Einige AusdrĂŒcke des schweizerdeutschen Wortschatzes haben ihren Eingang ins allgemein verbreitete Hochdeutsch gefunden, so z. B. MĂŒesli oder Putsch, andere als sog. Helvetismen in die regionale Hochsprache (Schweizer Hochdeutsch). Bei Schweizer Schriftstellern erscheinen schweizerische Wörter in unterschiedlichem Mass.

Schreibweise

Alle Mundarten beziehungsweise Dialekte im deutschsprachigen Raum haben eines gemeinsam: Es gibt fĂŒr sie keine standardisierte Rechtschreibung. Genauso verhĂ€lt es sich mit den schweizerdeutschen Dialektformen.

In der Dialektliteratur lassen sich grob gesehen zwei verschiedene Schreibsysteme unterscheiden: Entweder eine weitgehend phonologische Schreibung, beispielsweise in Eugen Dieths Vorschlag SchwyzertĂŒtschi DialĂ€ktschrift, oder eine weitergehende Orientierung an der standarddeutschen Schreibung in der Tradition der Ă€lteren Dialektliteratur, beispielsweise in Werner Martis Vorschlag BĂ€rndĂŒtschi Schrybwys.
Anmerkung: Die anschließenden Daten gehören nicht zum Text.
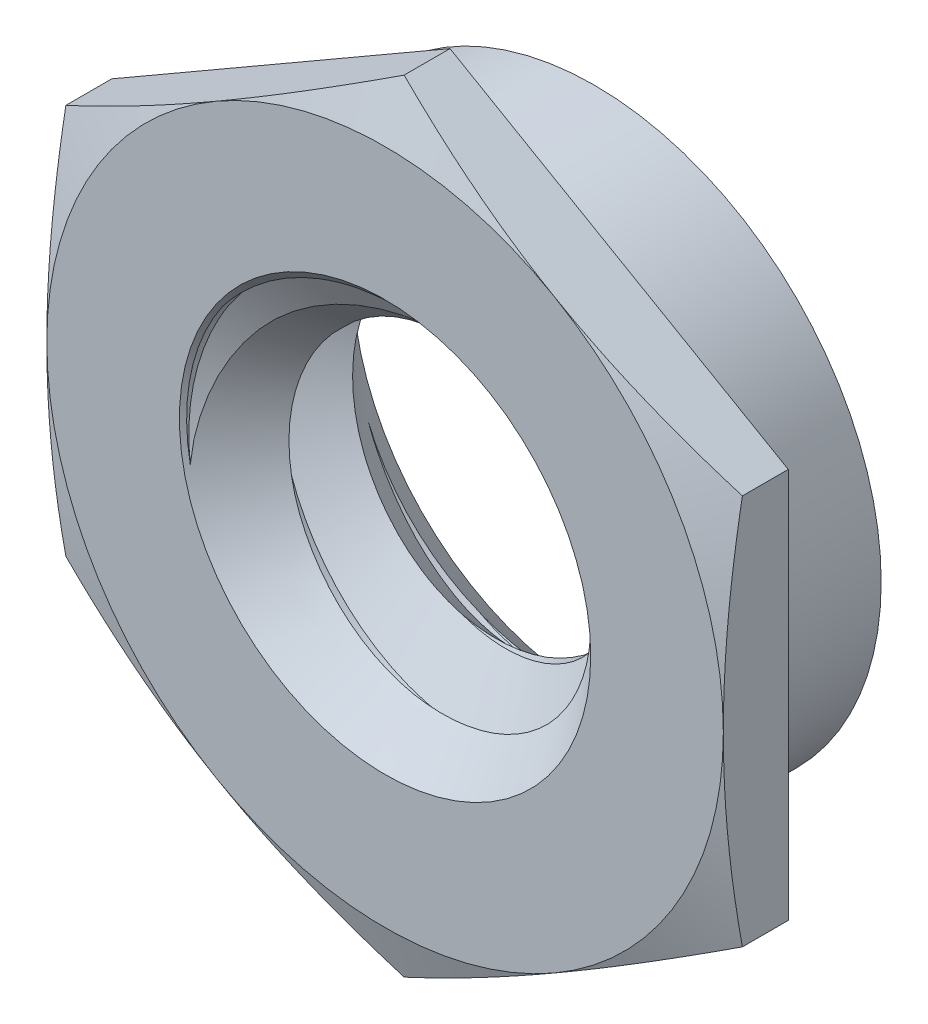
ISO-10303-21;
HEADER;
FILE_DESCRIPTION(('STEP AP214'),'2;1');
FILE_NAME('part.step','',(''),(''),'','','');
FILE_SCHEMA(('AUTOMOTIVE_DESIGN { 1 0 10303 214 1 1 1 1 }'));
ENDSEC;
DATA;
#1=APPLICATION_CONTEXT('core data for automotive mechanical design processes');
#2=APPLICATION_PROTOCOL_DEFINITION('international standard','automotive_design',2000,#1);
#3=PRODUCT_CONTEXT('',#1,'mechanical');
#4=PRODUCT('Part','Part','',(#3));
#5=PRODUCT_RELATED_PRODUCT_CATEGORY('part','',(#4));
#6=PRODUCT_DEFINITION_FORMATION('','',#4);
#7=PRODUCT_DEFINITION_CONTEXT('part definition',#1,'design');
#8=PRODUCT_DEFINITION('design','',#6,#7);
#9=PRODUCT_DEFINITION_SHAPE('','',#8);
#10=(LENGTH_UNIT() NAMED_UNIT(*) SI_UNIT(.MILLI.,.METRE.));
#11=(NAMED_UNIT(*) PLANE_ANGLE_UNIT() SI_UNIT($,.RADIAN.));
#12=(NAMED_UNIT(*) SI_UNIT($,.STERADIAN.) SOLID_ANGLE_UNIT());
#13=UNCERTAINTY_MEASURE_WITH_UNIT(LENGTH_MEASURE(1.E-05),#10,'distance_accuracy_value','');
#14=(GEOMETRIC_REPRESENTATION_CONTEXT(3) GLOBAL_UNCERTAINTY_ASSIGNED_CONTEXT((#13)) GLOBAL_UNIT_ASSIGNED_CONTEXT((#10,
#11,#12)) REPRESENTATION_CONTEXT('',''));
#15=CARTESIAN_POINT('',(0.,0.,0.));
#16=DIRECTION('',(0.,0.,1.));
#17=DIRECTION('',(1.,0.,0.));
#18=AXIS2_PLACEMENT_3D('',#15,#16,#17);
#19=CARTESIAN_POINT('',(2.38125000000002,1.37481532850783,-1.47319999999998));
#20=DIRECTION('',(0.5,0.866025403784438,0.));
#21=DIRECTION('',(-0.866025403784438,0.499999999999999,0.));
#22=AXIS2_PLACEMENT_3D('',#19,#20,#21);
#23=PLANE('',#22);
#24=DIRECTION('',(0.,0.,0.999999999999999));
#25=VECTOR('',#24,1.);
#26=CARTESIAN_POINT('',(0.,2.74963065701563,-1.47319999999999));
#27=LINE('',#26,#25);
#28=CARTESIAN_POINT('',(0.,2.74963065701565,-0.457199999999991));
#29=VERTEX_POINT('',#28);
#30=CARTESIAN_POINT('',(0.,2.74963065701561,-0.134079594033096));
#31=VERTEX_POINT('',#30);
#32=EDGE_CURVE('E167',#29,#31,#27,.T.);
#33=ORIENTED_EDGE('',*,*,#32,.T.);
#34=CARTESIAN_POINT('',(-0.000199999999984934,2.74974612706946,-0.134121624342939));
#35=CARTESIAN_POINT('',(0.0984292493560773,2.69280250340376,-0.113386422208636));
#36=CARTESIAN_POINT('',(0.197383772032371,2.63567108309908,-0.0945240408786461));
#37=CARTESIAN_POINT('',(0.395936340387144,2.52103670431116,-0.061338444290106));
#38=CARTESIAN_POINT('',(0.495534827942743,2.46353349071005,-0.0470187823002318));
#39=CARTESIAN_POINT('',(0.694269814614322,2.34879379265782,-0.0238570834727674));
#40=CARTESIAN_POINT('',(0.793401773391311,2.29155992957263,-0.0149645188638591));
#41=CARTESIAN_POINT('',(0.991897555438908,2.17695833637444,-0.00303707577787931));
#42=CARTESIAN_POINT('',(1.09126127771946,2.11959066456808,0.));
#43=CARTESIAN_POINT('',(1.28998872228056,2.00485532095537,0.));
#44=CARTESIAN_POINT('',(1.38935244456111,1.94748764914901,-0.00303707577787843));
#45=CARTESIAN_POINT('',(1.5878482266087,1.83288605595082,-0.014964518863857));
#46=CARTESIAN_POINT('',(1.68698018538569,1.77565219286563,-0.0238570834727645));
#47=CARTESIAN_POINT('',(1.88571517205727,1.6609124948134,-0.0470187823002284));
#48=CARTESIAN_POINT('',(1.98531365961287,1.6034092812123,-0.0613384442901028));
#49=CARTESIAN_POINT('',(2.18386622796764,1.48877490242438,-0.0945240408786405));
#50=CARTESIAN_POINT('',(2.28282075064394,1.43164348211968,-0.113386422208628));
#51=CARTESIAN_POINT('',(2.38144999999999,1.37469985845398,-0.134121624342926));
#52=B_SPLINE_CURVE_WITH_KNOTS('',3,(#34,#35,#36,#37,#38,#39,#40,#41,#42,#43,#44,#45,#46,#47,#48,
#49,#50,#51),.UNSPECIFIED.,.F.,.F.,(4,2,2,2,2,2,2,2,4),(0.,0.347314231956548,0.694899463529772,
1.03919714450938,1.38336560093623,1.72753405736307,2.07183173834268,2.4194169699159,
2.76673120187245),.UNSPECIFIED.);
#53=CARTESIAN_POINT('',(1.19062500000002,2.06222299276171,0.));
#54=VERTEX_POINT('',#53);
#55=EDGE_CURVE('E71',#31,#54,#52,.T.);
#56=ORIENTED_EDGE('',*,*,#55,.T.);
#57=CARTESIAN_POINT('',(2.38125000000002,1.37481532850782,-0.134079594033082));
#58=VERTEX_POINT('',#57);
#59=EDGE_CURVE('E145',#54,#58,#52,.T.);
#60=ORIENTED_EDGE('',*,*,#59,.T.);
#61=DIRECTION('',(0.,0.,0.999999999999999));
#62=VECTOR('',#61,1.);
#63=CARTESIAN_POINT('',(2.38125000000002,1.37481532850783,-1.47319999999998));
#64=LINE('',#63,#62);
#65=CARTESIAN_POINT('',(2.38125000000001,1.37481532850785,-0.457199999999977));
#66=VERTEX_POINT('',#65);
#67=EDGE_CURVE('E255',#66,#58,#64,.T.);
#68=ORIENTED_EDGE('',*,*,#67,.F.);
#69=DIRECTION('',(0.866025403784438,-0.499999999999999,0.));
#70=VECTOR('',#69,1.);
#71=CARTESIAN_POINT('',(2.38125000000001,1.37481532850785,-0.457199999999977));
#72=LINE('',#71,#70);
#73=EDGE_CURVE('E268',#29,#66,#72,.T.);
#74=ORIENTED_EDGE('',*,*,#73,.F.);
#75=EDGE_LOOP('',(#33,#56,#60,#68,#74));
#76=FACE_BOUND('',#75,.T.);
#77=ADVANCED_FACE('F43',(#76),#23,.T.);
#78=CARTESIAN_POINT('',(2.38125000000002,-1.37481532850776,-1.47319999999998));
#79=DIRECTION('',(0.999999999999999,0.,0.));
#80=DIRECTION('',(0.,0.,-0.999999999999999));
#81=AXIS2_PLACEMENT_3D('',#78,#79,#80);
#82=PLANE('',#81);
#83=ORIENTED_EDGE('',*,*,#67,.T.);
#84=CARTESIAN_POINT('',(2.38125,-3.67088979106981,-0.725880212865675));
#85=CARTESIAN_POINT('',(2.38125000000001,-3.56280650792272,-0.692885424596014));
#86=CARTESIAN_POINT('',(2.38125000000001,-3.45460567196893,-0.660269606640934));
#87=CARTESIAN_POINT('',(2.38125000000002,-3.23790885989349,-0.596003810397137));
#88=CARTESIAN_POINT('',(2.38125000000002,-3.12941286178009,-0.564353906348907));
#89=CARTESIAN_POINT('',(2.38125000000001,-2.91188788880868,-0.502177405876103));
#90=CARTESIAN_POINT('',(2.38125000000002,-2.80285830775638,-0.471652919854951));
#91=CARTESIAN_POINT('',(2.38125000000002,-2.58439809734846,-0.412083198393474));
#92=CARTESIAN_POINT('',(2.38125000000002,-2.47496747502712,-0.383037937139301));
#93=CARTESIAN_POINT('',(2.38125000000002,-2.14867163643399,-0.299326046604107));
#94=CARTESIAN_POINT('',(2.38125000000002,-1.93111676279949,-0.247298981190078));
#95=CARTESIAN_POINT('',(2.38125000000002,-1.49361131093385,-0.154348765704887));
#96=CARTESIAN_POINT('',(2.38125000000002,-1.27366166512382,-0.113421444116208));
#97=CARTESIAN_POINT('',(2.38125000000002,-0.954199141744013,-0.0664234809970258));
#98=CARTESIAN_POINT('',(2.38125000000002,-0.855678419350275,-0.0536212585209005));
#99=CARTESIAN_POINT('',(2.38125000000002,-0.658219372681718,-0.031849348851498));
#100=CARTESIAN_POINT('',(2.38125000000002,-0.559281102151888,-0.0228791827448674));
#101=CARTESIAN_POINT('',(2.38125000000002,-0.36117583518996,-0.00919885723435));
#102=CARTESIAN_POINT('',(2.38125000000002,-0.262009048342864,-0.00448570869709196));
#103=CARTESIAN_POINT('',(2.38125000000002,-0.0635625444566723,0.000440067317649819));
#104=CARTESIAN_POINT('',(2.38125000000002,0.0357171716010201,0.000652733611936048));
#105=CARTESIAN_POINT('',(2.38125000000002,0.234694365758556,-0.00344463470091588));
#106=CARTESIAN_POINT('',(2.38125000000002,0.334391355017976,-0.00777802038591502));
#107=CARTESIAN_POINT('',(2.38125000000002,0.533504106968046,-0.0207698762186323));
#108=CARTESIAN_POINT('',(2.38125000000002,0.632919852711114,-0.0294286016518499));
#109=CARTESIAN_POINT('',(2.38125000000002,0.831414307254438,-0.050658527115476));
#110=CARTESIAN_POINT('',(2.38125000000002,0.93049264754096,-0.0632331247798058));
#111=CARTESIAN_POINT('',(2.38125000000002,1.12815202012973,-0.0917793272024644));
#112=CARTESIAN_POINT('',(2.38125000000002,1.2267330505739,-0.107750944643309));
#113=CARTESIAN_POINT('',(2.38125000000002,1.5383853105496,-0.162894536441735));
#114=CARTESIAN_POINT('',(2.38125000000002,1.7505180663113,-0.207354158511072));
#115=CARTESIAN_POINT('',(2.38125000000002,2.17275463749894,-0.305068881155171));
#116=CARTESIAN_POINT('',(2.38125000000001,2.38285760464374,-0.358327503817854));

Der Alltagsgebrauch, beispielsweise in SMS, Chat, E-Mail oder persönlichen Briefen, ist weitgehend unbeeinflusst von den Schreibungen der Dialektliteratur. Vielmehr ist die Einstellung verbreitet, man schreibe den Dialekt «nach GefĂŒhl» oder «so, wie man es sagt», eine Einstellung, derzufolge die Rechtschreibung zur DomĂ€ne des Standarddeutschen gehört, nicht aber zum Dialekt.

Eine Sonderstellung hat das Baseldeutsche, und zwar insbesondere die SchnitzelbÀnke an der Basler Fasnacht, insofern als sich die Schreibung dieser traditionellen Literaturform stark am baseldeutschen Wörterbuch orientiert.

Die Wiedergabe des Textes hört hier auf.